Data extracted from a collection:
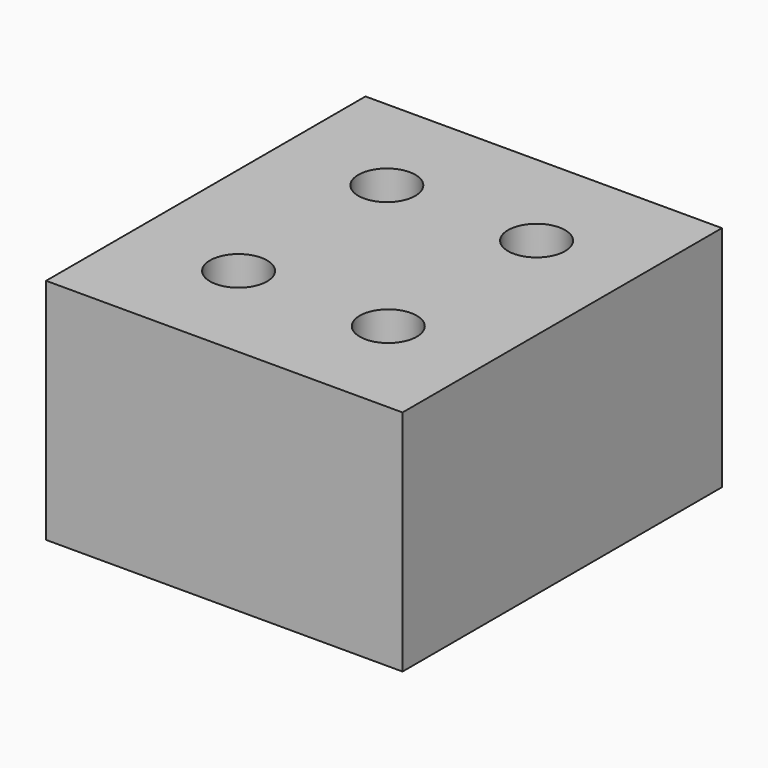
from build123d import *

# Parameters (mm, degrees)
F0_W     = 28
F0_H     = 28
F1_DEPTH = 16
F3_D     = 4
F4_DEPTH = 3


with BuildPart() as f1:
    # F0 (on Top) → F1 (new body)
    with BuildSketch(Plane.XY):
        Rectangle(F0_W, F0_H)
    extrude(amount=F1_DEPTH)

    # F3 (through all)
    with Locations(Plane.XY.offset(16)):
        with Locations((4, -6.5), (-6.5, -6.5), (-6.5, 6.5), (4, 6.5)):
            Hole(F3_D / 2)

    # F4 (cut): a face of the model
    f4_faces = [f1.faces().sort_by_distance(p)[0] for p in [
        (14, 0, 8),
    ]]
    extrude(f4_faces, amount=-F4_DEPTH, mode=Mode.SUBTRACT)


solid = f1.part
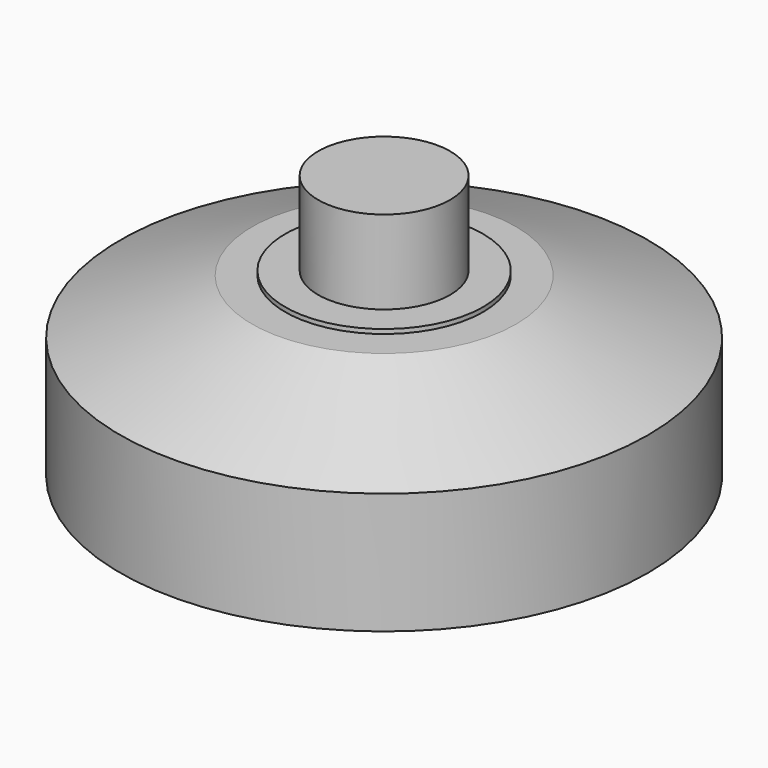
from build123d import *

# Parameters (mm, degrees)
F0_R     = 1.5
F1_DEPTH = 6
F0_R_2   = 2.25
F2_DEPTH = 4.1
F0_R_3   = 6
F3_DEPTH = 4
F4_SIZE  = 1


# Not quite as in the source:
# - a fillet or chamfer that OpenCascade refuses, or shapes differently, is made with other operations: its cross-section is extruded or revolved along the edge and cut away or added


with BuildPart() as f1:
    # F0 (on Top) → F1 (new body)
    with BuildSketch(Plane.XY):
        Circle(F0_R)
    extrude(amount=F1_DEPTH)

    # F0 (on Top) → F2 (join)
    with BuildSketch(Plane.XY):
        Circle(F0_R_2)
        Circle(F0_R, mode=Mode.SUBTRACT)
    extrude(amount=F2_DEPTH)

    # F0 (on Top) → F3 (join)
    with BuildSketch(Plane.XY):
        Circle(F0_R_3)
        Circle(F0_R_2, mode=Mode.SUBTRACT)
    extrude(amount=F3_DEPTH)

    # F4
    f4_edges = [f1.edges().sort_by_distance(p)[0] for p in [
        (-6, 0, 4),
    ]]
    chamfer(f4_edges, length=F4_SIZE)

    # F5: chamfer of 2 on 1 edges, made by hand

    # F5_s1 → F5_t2 (revolve, cut)
    with BuildSketch(Plane.XZ):
        Polygon((3, 4), (6.4142135624, 2.5857864376), (5, 4), align=None)
    revolve(axis=Axis((0, 0, 4), (0, 0, 1)), mode=Mode.SUBTRACT)


solid = f1.part
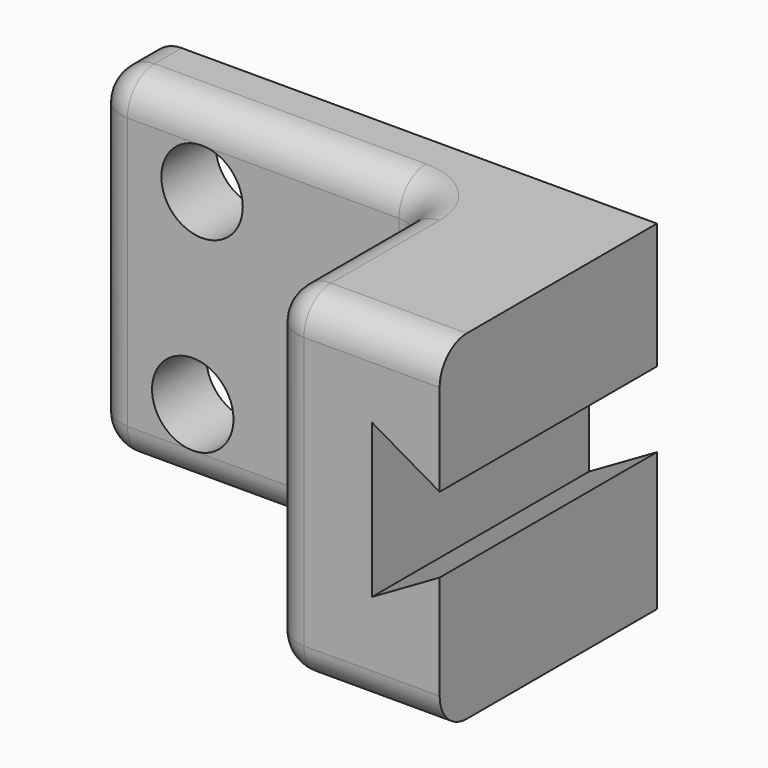
from build123d import *

# Parameters (mm, degrees)
F0_W     = 75
F0_H     = 50
F0_R     = 6
F1_DEPTH = 10
F2_W     = 25
F2_H     = 50
F3_DEPTH = 30
F5_DEPTH = 40.001
F6_R     = 5
F7_R     = 4.99999


# Not quite as in the source:
# - a fillet or chamfer is up to 0.001 mm smaller than in the source, because OpenCascade refuses the exact size


with BuildPart() as f1:
    # F0 (on Front) → F1 (new body)
    with BuildSketch(Plane.XZ):
        with Locations((-12.5, 0)):
            Rectangle(F0_W, F0_H)
        with Locations((-35.368822515, -14)):
            Circle(F0_R, mode=Mode.SUBTRACT)
        with Locations((-14, 0)):
            Circle(F0_R, mode=Mode.SUBTRACT)
        with Locations((-34, 14)):
            Circle(F0_R, mode=Mode.SUBTRACT)
    extrude(amount=F1_DEPTH)

    # F2 (on face) → F3 (join)
    with BuildSketch(Plane.XZ.offset(10)):
        with Locations((12.5, 0)):
            Rectangle(F2_W, F2_H)
    extrude(amount=F3_DEPTH)

    # F4 (on face) → F5 (cut, through all)
    with BuildSketch(Plane.XZ.offset(40)):
        Polygon((25, -4.6425589255), (25, 6.4739544771), (15, 12.247457169), (15, -10.4160616174), align=None)
    extrude(amount=-F5_DEPTH, mode=Mode.SUBTRACT)

    # F6
    f6_edges = [f1.edges().sort_by_distance(p)[0] for p in [
        (-50, -5, -25),
        (-50, -5, 25),
        (0, -10, 0),
    ]]
    fillet(f6_edges, radius=F6_R)

    # F7 (radius 5 in the source; OpenCascade refuses exactly that, so slightly less here)
    f7_edges = [f1.edges().sort_by_distance(p)[0] for p in [
        (-25, -10, -25),
        (12.5, -40, -25),
        (0, -40, 0),
        (12.5, -40, 25),
    ]]
    fillet(f7_edges, radius=F7_R)


solid = f1.part
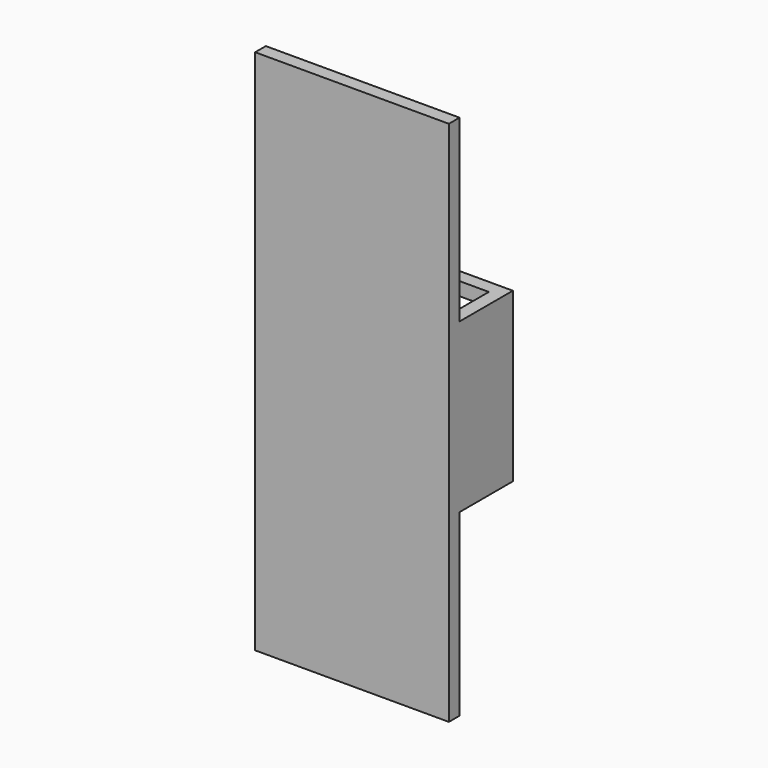
from build123d import *

# Parameters (mm, degrees)
F0_W     = 36.92906
F0_H     = 100.3808
F1_DEPTH = 2.54
F2_W     = 36.92906
F2_H     = 31.99892
F3_DEPTH = 15.24
F4_T     = -2.54
F5_W     = 31.84906
F5_H     = 26.91892
F6_DEPTH = 2.54


# Not quite as in the source:
# - a shell that OpenCascade refuses in one call is made with other operations: the cavity is built on its own and cut out


with BuildPart() as f1:
    # F0 (on Front) → F1 (new body)
    with BuildSketch(Plane.XZ):
        with Locations((-3.5625953953, 0.4117265198)):
            Rectangle(F0_W, F0_H)
    extrude(amount=F1_DEPTH)

    # F2 (on face) → F3 (join)
    with BuildSketch(Plane.XZ.offset(2.54)):
        with Locations((-3.5625953953, 0.3964865198)):
            Rectangle(F2_W, F2_H)
    extrude(amount=-F3_DEPTH)

    # F4: a shell. OpenCascade refuses it in one call, so the cavity is built on its own and cut out:
    # the body offset inwards by the wall thickness, plus a prism from it out through each open face.
    f4_core = offset(f1.part, amount=F4_T, kind=Kind.INTERSECTION, mode=Mode.PRIVATE)
    f4_exits = [f4_core.faces().sort_by_distance(p)[0] for p in [
        (-3.562595, 5.08, 13.855947),
    ]]
    add(f4_core, mode=Mode.SUBTRACT)
    extrude(f4_exits, amount=-F4_T, mode=Mode.SUBTRACT)

    # F5 (on face) → F6 (cut, through all)
    with BuildSketch(Plane(origin=(0, 12.7, 0), x_dir=(-1, 0, 0), z_dir=(0, 1, 0))):
        with Locations((3.5625953953, 0.3964865198)):
            Rectangle(F5_W, F5_H)
    extrude(amount=-F6_DEPTH, mode=Mode.SUBTRACT)


solid = f1.part

How to complete this task: Report, for the data above, every line in which the string "fillet" appears.

Written answer:
# - a fillet or chamfer that OpenCascade refuses, or shapes differently, is made with other operations: its cross-section is extruded or revolved along the edge and cut away or added
# - a fillet or chamfer is up to 0.001 mm smaller than in the source, because OpenCascade refuses the exact size
    fillet(f6_edges, radius=F6_R)
    fillet(f7_edges, radius=F7_R)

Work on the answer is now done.